Rearrange the Equation (II) to obtain exit enthalpy $\left(h_2\right)$.

  $h_2=\frac{{\dot{Q}}_1}{{\dot{m}}_{\text{air}}}+h_1$        (III)

For air:

At inlet:

Refer Table A-17, “Ideal-gas properties of air”.

Obtain the inlet enthalpy $\left(h_1\right)$ corresponding to the temperature of $550\text{K}$.

  $h_1=555.74\text{kJ/kg}$

Calculation:

Substitute  ${\dot{Q}}_{\text{1}}=2700\text{kJ/s}$, ${\dot{m}}_{\text{air}}=800\text{kg/min}$ and $h_1=555.74\text{kJ/kg}$ in

Equation (III)

  $\begin{array}{c}{h}_2=\frac{2700\text{kJ/s}}{800\text{kg/min}}+555.74\text{kJ/kg}\\ =\frac{2700\text{kJ/s}}{800\text{kg/min}\times \frac{1\text{min}}{60\text{s}}}+555.74\text{kJ/kg}\\ =202.5\text{kJ/kg}+555.74\text{kJ/kg}\\ =758.24\text{kJ/kg}\end{array}$

Refer Table A-17, “Ideal-gas properties of air”.

Obtain the exit temperature of air $\left(T_2\right)$ corresponding to the enthalpy of $758.24\text{kJ/kg}$-using interpolation method.

Write the formula of interpolation method of two variables.

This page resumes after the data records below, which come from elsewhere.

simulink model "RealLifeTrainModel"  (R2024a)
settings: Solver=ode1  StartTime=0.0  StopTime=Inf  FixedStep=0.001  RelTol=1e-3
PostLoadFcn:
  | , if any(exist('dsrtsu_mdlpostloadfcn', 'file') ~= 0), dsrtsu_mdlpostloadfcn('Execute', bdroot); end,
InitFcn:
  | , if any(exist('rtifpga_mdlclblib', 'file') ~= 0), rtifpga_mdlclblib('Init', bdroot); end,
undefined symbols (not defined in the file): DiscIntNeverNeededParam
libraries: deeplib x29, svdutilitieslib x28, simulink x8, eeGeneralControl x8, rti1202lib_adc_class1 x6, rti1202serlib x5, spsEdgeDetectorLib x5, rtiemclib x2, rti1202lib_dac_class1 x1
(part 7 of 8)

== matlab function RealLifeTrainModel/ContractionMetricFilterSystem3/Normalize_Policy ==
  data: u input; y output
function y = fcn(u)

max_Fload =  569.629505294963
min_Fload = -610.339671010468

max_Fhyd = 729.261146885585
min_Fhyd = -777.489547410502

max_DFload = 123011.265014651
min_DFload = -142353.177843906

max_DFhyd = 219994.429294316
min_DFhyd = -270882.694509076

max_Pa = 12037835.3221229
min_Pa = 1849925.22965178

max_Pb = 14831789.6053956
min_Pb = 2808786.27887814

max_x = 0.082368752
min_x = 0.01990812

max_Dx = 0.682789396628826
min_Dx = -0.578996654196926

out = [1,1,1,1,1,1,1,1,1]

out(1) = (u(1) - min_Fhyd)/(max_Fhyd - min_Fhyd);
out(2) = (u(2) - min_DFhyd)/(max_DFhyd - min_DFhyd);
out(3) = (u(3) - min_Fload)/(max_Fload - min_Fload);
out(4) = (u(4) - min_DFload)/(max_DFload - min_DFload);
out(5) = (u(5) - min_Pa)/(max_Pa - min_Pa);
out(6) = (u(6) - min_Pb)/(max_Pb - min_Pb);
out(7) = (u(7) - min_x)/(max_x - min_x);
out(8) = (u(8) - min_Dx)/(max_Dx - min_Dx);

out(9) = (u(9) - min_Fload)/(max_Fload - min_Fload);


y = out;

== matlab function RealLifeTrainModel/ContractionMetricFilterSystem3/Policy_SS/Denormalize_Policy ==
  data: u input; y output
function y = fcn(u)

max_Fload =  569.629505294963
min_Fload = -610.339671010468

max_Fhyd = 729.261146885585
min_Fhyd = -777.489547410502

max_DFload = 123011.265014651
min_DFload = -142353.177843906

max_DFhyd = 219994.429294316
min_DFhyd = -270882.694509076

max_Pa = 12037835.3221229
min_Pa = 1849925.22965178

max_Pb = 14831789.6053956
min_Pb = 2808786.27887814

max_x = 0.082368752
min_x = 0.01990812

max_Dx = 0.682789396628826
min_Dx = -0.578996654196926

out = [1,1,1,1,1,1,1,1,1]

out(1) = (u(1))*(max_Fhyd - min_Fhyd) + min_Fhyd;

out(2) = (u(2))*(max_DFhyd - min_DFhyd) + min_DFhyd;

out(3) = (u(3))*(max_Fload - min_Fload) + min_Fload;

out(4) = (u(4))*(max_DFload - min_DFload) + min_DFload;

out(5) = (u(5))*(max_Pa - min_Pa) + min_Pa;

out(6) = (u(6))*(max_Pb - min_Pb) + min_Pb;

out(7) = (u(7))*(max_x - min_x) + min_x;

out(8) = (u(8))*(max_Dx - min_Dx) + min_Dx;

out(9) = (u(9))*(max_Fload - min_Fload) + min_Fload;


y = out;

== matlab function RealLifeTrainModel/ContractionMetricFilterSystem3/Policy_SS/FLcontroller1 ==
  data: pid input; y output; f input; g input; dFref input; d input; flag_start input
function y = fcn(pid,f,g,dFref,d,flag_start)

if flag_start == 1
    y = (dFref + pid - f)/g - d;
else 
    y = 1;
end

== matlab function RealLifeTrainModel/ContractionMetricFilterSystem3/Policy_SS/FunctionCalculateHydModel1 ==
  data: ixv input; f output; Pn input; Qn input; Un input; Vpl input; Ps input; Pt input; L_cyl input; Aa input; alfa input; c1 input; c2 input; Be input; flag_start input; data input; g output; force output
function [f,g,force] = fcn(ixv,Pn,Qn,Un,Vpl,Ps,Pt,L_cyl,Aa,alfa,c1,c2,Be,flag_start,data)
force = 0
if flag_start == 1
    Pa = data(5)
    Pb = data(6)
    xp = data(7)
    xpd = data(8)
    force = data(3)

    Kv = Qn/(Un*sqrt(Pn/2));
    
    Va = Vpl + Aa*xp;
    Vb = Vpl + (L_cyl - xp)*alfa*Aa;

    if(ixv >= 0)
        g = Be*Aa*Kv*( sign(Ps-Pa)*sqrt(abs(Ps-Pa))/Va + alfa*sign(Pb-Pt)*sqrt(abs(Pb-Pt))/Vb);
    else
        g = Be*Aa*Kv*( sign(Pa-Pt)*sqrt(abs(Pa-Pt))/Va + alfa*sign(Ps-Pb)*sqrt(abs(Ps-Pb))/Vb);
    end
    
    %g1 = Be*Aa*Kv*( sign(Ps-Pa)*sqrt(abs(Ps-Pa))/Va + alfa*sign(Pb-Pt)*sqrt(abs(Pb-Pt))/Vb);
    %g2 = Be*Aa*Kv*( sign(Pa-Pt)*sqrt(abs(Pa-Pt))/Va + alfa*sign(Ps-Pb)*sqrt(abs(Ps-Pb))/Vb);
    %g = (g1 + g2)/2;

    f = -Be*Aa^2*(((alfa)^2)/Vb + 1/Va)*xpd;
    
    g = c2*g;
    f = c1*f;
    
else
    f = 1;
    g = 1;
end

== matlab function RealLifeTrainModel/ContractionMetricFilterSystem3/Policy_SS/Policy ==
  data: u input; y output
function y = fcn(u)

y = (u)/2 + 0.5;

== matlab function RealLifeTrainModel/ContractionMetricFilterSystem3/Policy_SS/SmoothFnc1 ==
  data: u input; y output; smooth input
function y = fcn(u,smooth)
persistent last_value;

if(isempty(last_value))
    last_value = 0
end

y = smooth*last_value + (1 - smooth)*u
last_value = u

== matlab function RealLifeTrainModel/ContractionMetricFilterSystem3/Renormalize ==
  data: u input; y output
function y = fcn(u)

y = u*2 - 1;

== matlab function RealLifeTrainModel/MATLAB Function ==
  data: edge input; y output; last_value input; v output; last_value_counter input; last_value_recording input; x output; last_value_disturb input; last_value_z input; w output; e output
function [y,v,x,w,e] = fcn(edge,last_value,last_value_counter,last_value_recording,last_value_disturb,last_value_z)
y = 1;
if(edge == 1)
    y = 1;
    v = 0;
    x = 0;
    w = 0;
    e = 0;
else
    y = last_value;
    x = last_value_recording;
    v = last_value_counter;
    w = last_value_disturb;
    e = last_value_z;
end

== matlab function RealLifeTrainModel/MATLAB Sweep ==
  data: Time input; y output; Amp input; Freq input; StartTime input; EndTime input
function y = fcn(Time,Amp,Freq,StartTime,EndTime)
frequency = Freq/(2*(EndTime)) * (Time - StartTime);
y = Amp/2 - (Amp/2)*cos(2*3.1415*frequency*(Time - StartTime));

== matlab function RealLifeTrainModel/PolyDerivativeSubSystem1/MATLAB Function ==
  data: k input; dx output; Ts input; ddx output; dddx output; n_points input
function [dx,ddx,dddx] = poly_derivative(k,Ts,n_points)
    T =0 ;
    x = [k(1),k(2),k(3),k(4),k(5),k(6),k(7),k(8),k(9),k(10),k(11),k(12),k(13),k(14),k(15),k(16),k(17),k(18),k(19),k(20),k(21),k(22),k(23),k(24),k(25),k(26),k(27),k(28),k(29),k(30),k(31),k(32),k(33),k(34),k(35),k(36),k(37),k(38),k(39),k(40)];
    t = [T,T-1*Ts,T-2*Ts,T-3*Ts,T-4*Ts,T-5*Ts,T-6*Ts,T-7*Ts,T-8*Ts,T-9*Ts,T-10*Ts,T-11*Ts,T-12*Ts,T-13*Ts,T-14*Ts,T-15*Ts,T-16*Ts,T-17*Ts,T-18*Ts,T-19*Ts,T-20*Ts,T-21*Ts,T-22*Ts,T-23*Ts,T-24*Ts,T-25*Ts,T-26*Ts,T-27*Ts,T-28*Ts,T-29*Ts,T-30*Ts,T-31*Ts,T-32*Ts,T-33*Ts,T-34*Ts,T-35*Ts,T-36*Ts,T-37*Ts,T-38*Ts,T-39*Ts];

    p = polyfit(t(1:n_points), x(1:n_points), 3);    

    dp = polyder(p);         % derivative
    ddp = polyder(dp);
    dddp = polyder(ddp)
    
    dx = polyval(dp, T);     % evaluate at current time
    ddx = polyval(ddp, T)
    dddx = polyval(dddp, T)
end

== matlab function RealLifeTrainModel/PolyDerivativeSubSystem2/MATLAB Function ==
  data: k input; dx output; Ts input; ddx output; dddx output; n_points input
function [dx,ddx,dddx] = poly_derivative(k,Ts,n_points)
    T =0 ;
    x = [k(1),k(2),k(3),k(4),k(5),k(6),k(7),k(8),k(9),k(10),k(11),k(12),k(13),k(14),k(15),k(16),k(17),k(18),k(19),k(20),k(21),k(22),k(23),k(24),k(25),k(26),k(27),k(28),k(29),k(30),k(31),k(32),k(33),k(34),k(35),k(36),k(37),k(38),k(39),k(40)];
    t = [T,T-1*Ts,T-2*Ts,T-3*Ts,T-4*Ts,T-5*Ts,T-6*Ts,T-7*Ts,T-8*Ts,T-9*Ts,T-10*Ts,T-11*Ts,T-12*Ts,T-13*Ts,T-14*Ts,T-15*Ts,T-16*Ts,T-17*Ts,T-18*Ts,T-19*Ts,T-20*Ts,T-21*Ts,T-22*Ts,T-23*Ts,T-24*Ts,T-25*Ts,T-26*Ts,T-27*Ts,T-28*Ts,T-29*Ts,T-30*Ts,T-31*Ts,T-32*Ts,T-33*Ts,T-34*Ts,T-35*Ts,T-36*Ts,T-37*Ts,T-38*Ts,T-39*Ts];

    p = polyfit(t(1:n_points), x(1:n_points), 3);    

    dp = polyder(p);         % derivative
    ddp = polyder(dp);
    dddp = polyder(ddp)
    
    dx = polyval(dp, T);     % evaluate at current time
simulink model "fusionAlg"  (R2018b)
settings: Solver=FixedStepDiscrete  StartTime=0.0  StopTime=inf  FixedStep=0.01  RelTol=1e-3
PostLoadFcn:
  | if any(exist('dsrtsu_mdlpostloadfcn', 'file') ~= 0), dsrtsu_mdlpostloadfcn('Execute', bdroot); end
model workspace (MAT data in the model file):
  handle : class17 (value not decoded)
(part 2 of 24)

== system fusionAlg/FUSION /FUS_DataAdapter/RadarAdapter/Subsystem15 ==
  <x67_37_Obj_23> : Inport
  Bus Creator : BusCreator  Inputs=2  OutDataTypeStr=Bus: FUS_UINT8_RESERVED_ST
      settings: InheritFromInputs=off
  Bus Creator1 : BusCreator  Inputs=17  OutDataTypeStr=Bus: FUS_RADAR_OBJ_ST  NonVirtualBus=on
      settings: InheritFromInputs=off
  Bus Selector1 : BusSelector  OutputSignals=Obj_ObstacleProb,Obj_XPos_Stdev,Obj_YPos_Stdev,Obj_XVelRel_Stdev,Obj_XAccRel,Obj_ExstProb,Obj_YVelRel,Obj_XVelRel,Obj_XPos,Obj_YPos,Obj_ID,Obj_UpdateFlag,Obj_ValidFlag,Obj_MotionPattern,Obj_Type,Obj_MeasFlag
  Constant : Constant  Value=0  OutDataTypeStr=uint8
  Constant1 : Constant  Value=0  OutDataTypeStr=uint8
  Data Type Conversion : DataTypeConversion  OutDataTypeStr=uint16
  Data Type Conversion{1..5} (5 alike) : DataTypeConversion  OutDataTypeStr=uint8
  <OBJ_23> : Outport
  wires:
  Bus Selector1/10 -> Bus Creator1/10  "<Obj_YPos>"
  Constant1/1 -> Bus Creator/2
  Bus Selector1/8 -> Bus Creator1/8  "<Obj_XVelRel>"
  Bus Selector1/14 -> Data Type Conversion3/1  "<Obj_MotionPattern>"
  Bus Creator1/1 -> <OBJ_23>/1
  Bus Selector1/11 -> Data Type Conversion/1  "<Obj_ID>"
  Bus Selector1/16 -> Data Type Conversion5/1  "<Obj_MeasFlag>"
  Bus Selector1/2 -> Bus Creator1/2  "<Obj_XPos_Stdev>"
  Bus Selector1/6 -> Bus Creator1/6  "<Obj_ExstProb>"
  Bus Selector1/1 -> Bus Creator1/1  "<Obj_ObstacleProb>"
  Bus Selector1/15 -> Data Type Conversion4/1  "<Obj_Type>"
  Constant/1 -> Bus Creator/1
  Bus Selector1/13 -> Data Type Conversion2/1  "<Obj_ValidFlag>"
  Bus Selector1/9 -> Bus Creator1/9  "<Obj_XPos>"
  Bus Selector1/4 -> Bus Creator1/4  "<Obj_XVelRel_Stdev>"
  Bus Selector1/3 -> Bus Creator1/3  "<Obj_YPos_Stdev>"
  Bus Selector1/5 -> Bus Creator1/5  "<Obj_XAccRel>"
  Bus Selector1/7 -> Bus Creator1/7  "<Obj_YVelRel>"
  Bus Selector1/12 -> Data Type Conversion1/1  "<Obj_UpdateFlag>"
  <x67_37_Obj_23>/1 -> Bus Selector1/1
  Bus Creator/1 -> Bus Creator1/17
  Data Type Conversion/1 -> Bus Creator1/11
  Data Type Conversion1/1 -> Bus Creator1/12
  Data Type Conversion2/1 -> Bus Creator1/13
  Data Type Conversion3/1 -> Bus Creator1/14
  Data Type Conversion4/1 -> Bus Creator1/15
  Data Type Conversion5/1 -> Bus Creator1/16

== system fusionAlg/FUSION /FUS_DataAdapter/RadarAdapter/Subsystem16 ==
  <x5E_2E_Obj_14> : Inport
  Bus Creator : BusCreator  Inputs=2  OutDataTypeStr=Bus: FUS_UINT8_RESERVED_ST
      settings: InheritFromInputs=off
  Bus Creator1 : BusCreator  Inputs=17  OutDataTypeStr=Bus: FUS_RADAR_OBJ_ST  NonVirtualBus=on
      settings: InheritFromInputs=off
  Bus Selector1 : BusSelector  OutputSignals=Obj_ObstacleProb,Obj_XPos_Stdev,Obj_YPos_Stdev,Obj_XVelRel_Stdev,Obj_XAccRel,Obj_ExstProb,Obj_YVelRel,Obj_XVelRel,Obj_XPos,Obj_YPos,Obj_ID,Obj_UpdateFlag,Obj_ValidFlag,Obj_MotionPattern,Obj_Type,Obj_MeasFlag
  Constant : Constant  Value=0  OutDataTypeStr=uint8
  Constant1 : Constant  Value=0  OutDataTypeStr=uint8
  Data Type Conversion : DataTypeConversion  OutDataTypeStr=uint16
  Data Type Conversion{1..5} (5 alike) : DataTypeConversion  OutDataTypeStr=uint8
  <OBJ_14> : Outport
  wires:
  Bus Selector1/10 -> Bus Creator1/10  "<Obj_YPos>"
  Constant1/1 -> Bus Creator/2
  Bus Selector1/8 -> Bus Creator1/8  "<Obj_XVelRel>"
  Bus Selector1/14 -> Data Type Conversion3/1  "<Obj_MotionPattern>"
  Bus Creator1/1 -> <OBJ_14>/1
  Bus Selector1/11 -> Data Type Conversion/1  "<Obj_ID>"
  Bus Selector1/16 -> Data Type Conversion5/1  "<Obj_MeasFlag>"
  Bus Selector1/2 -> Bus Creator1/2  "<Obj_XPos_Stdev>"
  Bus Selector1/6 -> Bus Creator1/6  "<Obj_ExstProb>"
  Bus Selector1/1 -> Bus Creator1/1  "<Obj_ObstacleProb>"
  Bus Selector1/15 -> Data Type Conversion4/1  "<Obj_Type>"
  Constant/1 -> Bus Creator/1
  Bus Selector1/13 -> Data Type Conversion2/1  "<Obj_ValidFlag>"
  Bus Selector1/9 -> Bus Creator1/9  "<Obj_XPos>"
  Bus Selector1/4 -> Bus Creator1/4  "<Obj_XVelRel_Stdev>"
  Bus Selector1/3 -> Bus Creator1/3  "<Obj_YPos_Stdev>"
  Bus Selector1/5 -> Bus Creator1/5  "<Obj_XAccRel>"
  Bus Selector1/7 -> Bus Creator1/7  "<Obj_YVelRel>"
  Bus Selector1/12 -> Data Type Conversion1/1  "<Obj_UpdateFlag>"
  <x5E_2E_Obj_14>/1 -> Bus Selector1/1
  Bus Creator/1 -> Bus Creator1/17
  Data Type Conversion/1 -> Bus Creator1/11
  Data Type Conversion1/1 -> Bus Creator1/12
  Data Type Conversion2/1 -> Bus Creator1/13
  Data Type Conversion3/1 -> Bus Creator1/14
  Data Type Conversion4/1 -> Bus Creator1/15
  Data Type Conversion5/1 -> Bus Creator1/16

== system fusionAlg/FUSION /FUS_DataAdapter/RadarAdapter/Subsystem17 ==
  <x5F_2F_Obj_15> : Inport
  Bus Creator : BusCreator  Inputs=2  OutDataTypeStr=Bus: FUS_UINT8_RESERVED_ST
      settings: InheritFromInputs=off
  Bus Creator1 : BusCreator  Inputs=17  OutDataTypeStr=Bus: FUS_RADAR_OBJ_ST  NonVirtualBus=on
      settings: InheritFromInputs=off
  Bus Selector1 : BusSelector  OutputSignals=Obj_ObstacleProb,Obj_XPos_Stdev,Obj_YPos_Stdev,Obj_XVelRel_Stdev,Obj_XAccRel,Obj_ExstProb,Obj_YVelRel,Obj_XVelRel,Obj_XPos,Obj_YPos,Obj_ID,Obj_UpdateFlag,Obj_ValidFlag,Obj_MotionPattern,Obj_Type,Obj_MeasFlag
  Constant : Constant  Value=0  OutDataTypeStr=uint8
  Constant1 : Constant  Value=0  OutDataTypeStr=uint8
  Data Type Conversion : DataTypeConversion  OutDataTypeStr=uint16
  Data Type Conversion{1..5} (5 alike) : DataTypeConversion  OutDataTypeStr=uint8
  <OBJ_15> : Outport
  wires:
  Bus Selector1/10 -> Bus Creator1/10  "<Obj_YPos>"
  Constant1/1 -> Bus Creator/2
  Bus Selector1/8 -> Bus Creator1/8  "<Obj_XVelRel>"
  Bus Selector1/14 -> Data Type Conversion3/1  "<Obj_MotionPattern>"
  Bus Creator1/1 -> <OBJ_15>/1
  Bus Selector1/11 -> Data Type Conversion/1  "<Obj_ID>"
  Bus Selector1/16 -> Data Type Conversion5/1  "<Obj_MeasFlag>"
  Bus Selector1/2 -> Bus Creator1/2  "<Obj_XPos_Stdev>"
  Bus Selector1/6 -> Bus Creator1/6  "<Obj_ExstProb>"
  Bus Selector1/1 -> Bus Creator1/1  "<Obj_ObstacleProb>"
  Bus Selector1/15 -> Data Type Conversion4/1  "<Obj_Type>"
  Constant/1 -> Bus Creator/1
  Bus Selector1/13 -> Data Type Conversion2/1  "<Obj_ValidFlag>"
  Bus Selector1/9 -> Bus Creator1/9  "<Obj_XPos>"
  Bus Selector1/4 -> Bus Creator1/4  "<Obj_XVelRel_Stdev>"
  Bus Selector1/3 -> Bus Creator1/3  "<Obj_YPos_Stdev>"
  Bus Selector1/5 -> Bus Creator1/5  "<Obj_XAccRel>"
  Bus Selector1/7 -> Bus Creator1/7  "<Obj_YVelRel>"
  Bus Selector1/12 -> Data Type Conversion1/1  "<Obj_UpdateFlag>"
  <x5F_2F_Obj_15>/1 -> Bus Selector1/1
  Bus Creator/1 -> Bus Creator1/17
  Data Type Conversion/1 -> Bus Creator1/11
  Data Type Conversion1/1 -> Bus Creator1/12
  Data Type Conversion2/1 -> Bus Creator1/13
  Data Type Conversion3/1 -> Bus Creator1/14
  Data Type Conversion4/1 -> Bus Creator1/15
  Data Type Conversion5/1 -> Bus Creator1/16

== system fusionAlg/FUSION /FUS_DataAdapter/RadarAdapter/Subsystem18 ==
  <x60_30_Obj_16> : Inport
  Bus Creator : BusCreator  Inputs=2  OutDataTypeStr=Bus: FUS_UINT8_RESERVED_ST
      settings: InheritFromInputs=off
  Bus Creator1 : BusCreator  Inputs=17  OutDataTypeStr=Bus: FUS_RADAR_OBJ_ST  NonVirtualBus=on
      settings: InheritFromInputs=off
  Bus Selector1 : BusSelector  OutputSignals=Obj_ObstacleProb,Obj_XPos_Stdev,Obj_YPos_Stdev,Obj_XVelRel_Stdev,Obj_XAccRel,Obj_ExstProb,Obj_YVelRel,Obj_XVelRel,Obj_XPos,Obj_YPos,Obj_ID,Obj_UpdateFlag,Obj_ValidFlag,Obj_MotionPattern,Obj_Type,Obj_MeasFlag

  $y_2=\frac{\left(x_2-x_1\right)\left(y_3-y_1\right)}{\left(x_3-x_1\right)}+y_1$        (IV)

Show the temperature and enthalpy values from the Table A-17 as in below table.

S.No.	x	y
	Enthalpy $\left(h\right)$, in $\text{kJ/kg}$	Temperature $\left(T\right)$,in $\text{K}$
1	756.44	740
2	758.24	?
3	767.29	750

Substitute $x_1=756.44$, $x_2=758.24$, $x_3=767.29$, $y_1=740$, and $y_3=750$ in Equation (IV).

  $\begin{array}{c}{y}_2=\frac{\left(758.24-756.44\right)\left(750-740\right)}{\left(767.29-756.44\right)}+740\\ =741.6589\text{K}\\ \simeq 741\text{K}\end{array}$

Thus, the exit temperature of the air is $741\text{K}$.

(b)

To determine

The mass flow rate of exhaust gas.

Explanation of Solution

Consider the exhaust gas inlet and outlet alone.

The heat transfer occurs from the exhaust gas to the air. The heat losses from the exhaust gas.

The Equations (I) reduced as follows for exhaust gas.

  $\begin{array}{l}\left[0+0+{\dot{m}}_{\text{eg}}\left(h_3+0+0\right)\right]-\left[{\dot{Q}}_2+0+{\dot{m}}_{\text{eg}}\left(h_4+0+0\right)\right]=0\\ {\dot{m}}_{\text{eg}}{h}_3-\left({\dot{Q}}_2+{\dot{m}}_{\text{eg}}{h}_4\right)=0\\ {\dot{m}}_{\text{eg}}{h}_3-{\dot{Q}}_2-{\dot{m}}_{\text{eg}}{h}_4=0\\ {\dot{m}}_{\text{eg}}\left(h_3-h_4\right)={\dot{Q}}_2\end{array}$

  ${\dot{m}}_{\text{eg}}=\frac{{\dot{Q}}_2}{h_3-h_4}$        (V)

Heat loss by the exhaust gas is equal to the heat gained by the air.

  ${\dot{Q}}_{\text{eg}}={\dot{Q}}_{\text{air}}={\dot{Q}}_2=2700\text{kJ/s}$

For exhaust gas:

Consider the exhaust gas as air and refer the property tables of air.

At inlet:

Refer Table A-17, “Ideal-gas properties of air”.

Obtain the inlet enthalpy $\left(h_3\right)$ corresponding to the temperature of $800\text{K}$.

  $h_3=821.95\text{kJ/kg}$

Obtain the exit enthalpy $\left(h_4\right)$ corresponding to the temperature of $600\text{K}$.

  $h_4=607.02\text{kJ/kg}$

Calculation:

Substitute ${\dot{Q}}_{\text{2}}=2700\text{kJ/s}$, $h_3=821.95\text{kJ/kg}$ and $h_4=607.02\text{kJ/kg}$ in

Equation (V).

  $\begin{array}{c}{\dot{m}}_{\text{eg}}=\frac{2700\text{kJ/s}}{821.95\text{kJ/kg}-607.02\text{kJ/kg}}\\ =\frac{2700\text{kJ/s}}{214.93\text{kJ/kg}}\\ =12.5622\text{kg/s}\\ \simeq 12.6\text{kg/s}\end{array}$

Thus, the mass flow rate of exhaust gas is $12.6\text{kg/s}$.